▸ TASK GOAL: Please restate, word for word, the lines below that begin at the one with "#6818 = CYLINDRICAL_SURFACE" and end at the one with "#26415 = CARTESIAN_POINT". Leave out all other lines.

(Dataset items)
━━━━━━━━

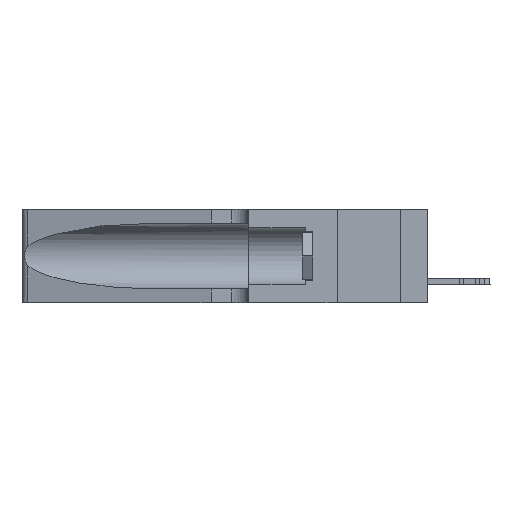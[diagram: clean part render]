
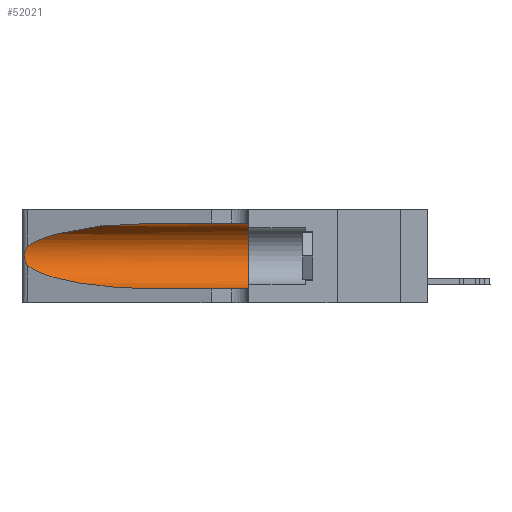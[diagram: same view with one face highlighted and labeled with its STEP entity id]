
A CAD part, left-side view. The second image highlights one B-rep face of the part: STEP entity #52021.
In plain terms, the highlighted cylindrical face has radius 3.308 mm (diameter 6.617 mm), a partial arc.
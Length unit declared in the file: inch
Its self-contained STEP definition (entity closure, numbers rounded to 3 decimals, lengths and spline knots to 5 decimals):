
#634 = AXIS2_PLACEMENT_3D ( 'NONE', #44604, #36007, #16037 ) ;
#1201 = LINE ( 'NONE', #9641, #17144 ) ;
#2420 = CARTESIAN_POINT ( 'NONE',  ( 0.25856, 1.23593, 0.16098 ) ) ;
#2736 = CARTESIAN_POINT ( 'NONE',  ( 0.2373, 1.15595, 0.28018 ) ) ;
#3258 = AXIS2_PLACEMENT_3D ( 'NONE', #44901, #8441, #28160 ) ;
#3797 = VERTEX_POINT ( 'NONE', #37795 ) ;
#4615 = CARTESIAN_POINT ( 'NONE',  ( 0.25487, 1.22718, 0.14631 ) ) ;
#4899 = DIRECTION ( 'NONE',  ( 0., -1., 0. ) ) ;
#5889 = CARTESIAN_POINT ( 'NONE',  ( 0.1305, 0.72297, 0.31525 ) ) ;
#6818 = CYLINDRICAL_SURFACE ( 'NONE', #634, 0.13025 ) ;
#6885 = CARTESIAN_POINT ( 'NONE',  ( 0.1305, 0.35, 0.05475 ) ) ;
#8236 = CARTESIAN_POINT ( 'NONE',  ( 0.1305, 0.72297, 0.05475 ) ) ;
#8441 = DIRECTION ( 'NONE',  ( 0., 1., 0. ) ) ;
#9231 = FACE_OUTER_BOUND ( 'NONE', #50093, .T. ) ;
#9641 = CARTESIAN_POINT ( 'NONE',  ( 0.1305, 1.61858, 0.31525 ) ) ;
#10227 = ORIENTED_EDGE ( 'NONE', *, *, #13705, .F. ) ;
#10228 = CARTESIAN_POINT ( 'NONE',  ( 0.25639, 1.23186, 0.15144 ) ) ;
#11007 = CARTESIAN_POINT ( 'NONE',  ( 0.25555, 1.22994, 0.2215 ) ) ;
#11134 = EDGE_CURVE ( 'NONE', #42092, #21674, #45481, .T. ) ;
#12904 = VERTEX_POINT ( 'NONE', #4615 ) ;
#13705 = EDGE_CURVE ( 'NONE', #3797, #21674, #49041, .T. ) ;
#14872 = CARTESIAN_POINT ( 'NONE',  ( 0.25487, 1.22718, 0.14631 ) ) ;
#15377 = EDGE_CURVE ( 'NONE', #51686, #12904, #28326, .T. ) ;
#16037 = DIRECTION ( 'NONE',  ( 0., 0., -1. ) ) ;
#16502 = VECTOR ( 'NONE', #4899, 39.37008 ) ;
#17144 = VECTOR ( 'NONE', #26204, 39.37008 ) ;
#17890 = VERTEX_POINT ( 'NONE', #34068 ) ;
#20371 = EDGE_CURVE ( 'NONE', #17890, #3797, #1201, .T. ) ;
#21674 = VERTEX_POINT ( 'NONE', #6885 ) ;
#22104 = ORIENTED_EDGE ( 'NONE', *, *, #15377, .T. ) ;
#22547 = CARTESIAN_POINT ( 'NONE',  ( 0.26075, 1.23896, 0.19203 ) ) ;
#22677 = CARTESIAN_POINT ( 'NONE',  ( 0.18966, 0.96281, 0.31525 ) ) ;
#22752 = CARTESIAN_POINT ( 'NONE',  ( 0.26018, 1.23835, 0.19895 ) ) ;
#23279 = CARTESIAN_POINT ( 'NONE',  ( 0.25487, 1.22718, 0.22369 ) ) ;
#23731 = ORIENTED_EDGE ( 'NONE', *, *, #28275, .T. ) ;
#25037 =( BOUNDED_CURVE ( )  B_SPLINE_CURVE ( 3, ( #5889, #22677, #2736, #35964 ),
 .UNSPECIFIED., .F., .F. ) 
 B_SPLINE_CURVE_WITH_KNOTS ( ( 4, 4 ),
 ( 1.5708, 2.84003 ),
 .UNSPECIFIED. ) 
 CURVE ( )  GEOMETRIC_REPRESENTATION_ITEM ( )  RATIONAL_B_SPLINE_CURVE ( ( 1., 0.87, 0.87, 1. ) ) 
 REPRESENTATION_ITEM ( '' )  );
#26204 = DIRECTION ( 'NONE',  ( 0., -1., 0. ) ) ;
#26415 = CARTESIAN_POINT ( 'NONE',  ( 0.26017, 1.23833, 0.17102 ) ) ;
#26829 = CARTESIAN_POINT ( 'NONE',  ( 0.2373, 1.15595, 0.08982 ) ) ;
#27788 = ORIENTED_EDGE ( 'NONE', *, *, #20371, .F. ) ;
#28091 = CARTESIAN_POINT ( 'NONE',  ( 0.1305, 1.61858, 0.05475 ) ) ;
#28160 = DIRECTION ( 'NONE',  ( 0., 0., 1. ) ) ;
#28275 = EDGE_CURVE ( 'NONE', #17890, #51686, #25037, .T. ) ;
#28326 = B_SPLINE_CURVE_WITH_KNOTS ( 'NONE', 3,
 ( #38810, #11007, #43266, #38615, #46782, #22752, #22547, #38995, #26415, #2420, #30633, #10228, #34738, #14872 ),
 .UNSPECIFIED., .F., .F.,
 ( 4, 2, 2, 2, 2, 2, 4 ),
 ( 0., 0.00027, 0.00053, 0.00107, 0.0016, 0.00187, 0.00214 ),
 .UNSPECIFIED. ) ;
#30468 = CARTESIAN_POINT ( 'NONE',  ( 0.18966, 0.96281, 0.05475 ) ) ;
#30633 = CARTESIAN_POINT ( 'NONE',  ( 0.25789, 1.23486, 0.15765 ) ) ;
#30670 = CARTESIAN_POINT ( 'NONE',  ( 0.1305, 0.72297, 0.05475 ) ) ;
#31203 = EDGE_CURVE ( 'NONE', #12904, #42092, #50283, .T. ) ;
#34068 = CARTESIAN_POINT ( 'NONE',  ( 0.1305, 0.72297, 0.31525 ) ) ;
#34738 = CARTESIAN_POINT ( 'NONE',  ( 0.25555, 1.22993, 0.14849 ) ) ;
#35155 = CARTESIAN_POINT ( 'NONE',  ( 0.25487, 1.22718, 0.14631 ) ) ;
#35964 = CARTESIAN_POINT ( 'NONE',  ( 0.25487, 1.22718, 0.22369 ) ) ;
#36007 = DIRECTION ( 'NONE',  ( 0., -1., 0. ) ) ;
#37795 = CARTESIAN_POINT ( 'NONE',  ( 0.1305, 0.35, 0.31525 ) ) ;
#38615 = CARTESIAN_POINT ( 'NONE',  ( 0.25787, 1.23484, 0.2124 ) ) ;
#38810 = CARTESIAN_POINT ( 'NONE',  ( 0.25487, 1.22718, 0.22369 ) ) ;
#38995 = CARTESIAN_POINT ( 'NONE',  ( 0.26075, 1.23896, 0.178 ) ) ;
#39832 = ORIENTED_EDGE ( 'NONE', *, *, #11134, .T. ) ;
#42092 = VERTEX_POINT ( 'NONE', #8236 ) ;
#43266 = CARTESIAN_POINT ( 'NONE',  ( 0.25639, 1.23184, 0.21858 ) ) ;
#43887 = ORIENTED_EDGE ( 'NONE', *, *, #31203, .T. ) ;
#44604 = CARTESIAN_POINT ( 'NONE',  ( 0.1305, 1.61858, 0.185 ) ) ;
#44901 = CARTESIAN_POINT ( 'NONE',  ( 0.1305, 0.35, 0.185 ) ) ;
#45481 = LINE ( 'NONE', #28091, #16502 ) ;
#46782 = CARTESIAN_POINT ( 'NONE',  ( 0.25854, 1.2359, 0.20912 ) ) ;
#49041 = CIRCLE ( 'NONE', #3258, 0.13025 ) ;
#50093 = EDGE_LOOP ( 'NONE', ( #23731, #22104, #43887, #39832, #10227, #27788 ) ) ;
#50283 =( BOUNDED_CURVE ( )  B_SPLINE_CURVE ( 3, ( #35155, #26829, #30468, #30670 ),
 .UNSPECIFIED., .F., .T. ) 
 B_SPLINE_CURVE_WITH_KNOTS ( ( 4, 4 ),
 ( 3.44316, 4.71239 ),
 .UNSPECIFIED. ) 
 CURVE ( )  GEOMETRIC_REPRESENTATION_ITEM ( )  RATIONAL_B_SPLINE_CURVE ( ( 1., 0.87, 0.87, 1. ) ) 
 REPRESENTATION_ITEM ( '' )  );
#51686 = VERTEX_POINT ( 'NONE', #23279 ) ;
#52021 = ADVANCED_FACE ( 'NONE', ( #9231 ), #6818, .F. ) ;

━━━━━━━━

▸ OUTPUT:
#6818 = CYLINDRICAL_SURFACE ( 'NONE', #634, 0.13025 ) ;
#6885 = CARTESIAN_POINT ( 'NONE',  ( 0.1305, 0.35, 0.05475 ) ) ;
#8236 = CARTESIAN_POINT ( 'NONE',  ( 0.1305, 0.72297, 0.05475 ) ) ;
#8441 = DIRECTION ( 'NONE',  ( 0., 1., 0. ) ) ;
#9231 = FACE_OUTER_BOUND ( 'NONE', #50093, .T. ) ;
#9641 = CARTESIAN_POINT ( 'NONE',  ( 0.1305, 1.61858, 0.31525 ) ) ;
#10227 = ORIENTED_EDGE ( 'NONE', *, *, #13705, .F. ) ;
#10228 = CARTESIAN_POINT ( 'NONE',  ( 0.25639, 1.23186, 0.15144 ) ) ;
#11007 = CARTESIAN_POINT ( 'NONE',  ( 0.25555, 1.22994, 0.2215 ) ) ;
#11134 = EDGE_CURVE ( 'NONE', #42092, #21674, #45481, .T. ) ;
#12904 = VERTEX_POINT ( 'NONE', #4615 ) ;
#13705 = EDGE_CURVE ( 'NONE', #3797, #21674, #49041, .T. ) ;
#14872 = CARTESIAN_POINT ( 'NONE',  ( 0.25487, 1.22718, 0.14631 ) ) ;
#15377 = EDGE_CURVE ( 'NONE', #51686, #12904, #28326, .T. ) ;
#16037 = DIRECTION ( 'NONE',  ( 0., 0., -1. ) ) ;
#16502 = VECTOR ( 'NONE', #4899, 39.37008 ) ;
#17144 = VECTOR ( 'NONE', #26204, 39.37008 ) ;
#17890 = VERTEX_POINT ( 'NONE', #34068 ) ;
#20371 = EDGE_CURVE ( 'NONE', #17890, #3797, #1201, .T. ) ;
#21674 = VERTEX_POINT ( 'NONE', #6885 ) ;
#22104 = ORIENTED_EDGE ( 'NONE', *, *, #15377, .T. ) ;
#22547 = CARTESIAN_POINT ( 'NONE',  ( 0.26075, 1.23896, 0.19203 ) ) ;
#22677 = CARTESIAN_POINT ( 'NONE',  ( 0.18966, 0.96281, 0.31525 ) ) ;
#22752 = CARTESIAN_POINT ( 'NONE',  ( 0.26018, 1.23835, 0.19895 ) ) ;
#23279 = CARTESIAN_POINT ( 'NONE',  ( 0.25487, 1.22718, 0.22369 ) ) ;
#23731 = ORIENTED_EDGE ( 'NONE', *, *, #28275, .T. ) ;
#25037 =( BOUNDED_CURVE ( )  B_SPLINE_CURVE ( 3, ( #5889, #22677, #2736, #35964 ),
 .UNSPECIFIED., .F., .F. ) 
 B_SPLINE_CURVE_WITH_KNOTS ( ( 4, 4 ),
 ( 1.5708, 2.84003 ),
 .UNSPECIFIED. ) 
 CURVE ( )  GEOMETRIC_REPRESENTATION_ITEM ( )  RATIONAL_B_SPLINE_CURVE ( ( 1., 0.87, 0.87, 1. ) ) 
 REPRESENTATION_ITEM ( '' )  );
#26204 = DIRECTION ( 'NONE',  ( 0., -1., 0. ) ) ;
#26415 = CARTESIAN_POINT ( 'NONE',  ( 0.26017, 1.23833, 0.17102 ) ) ;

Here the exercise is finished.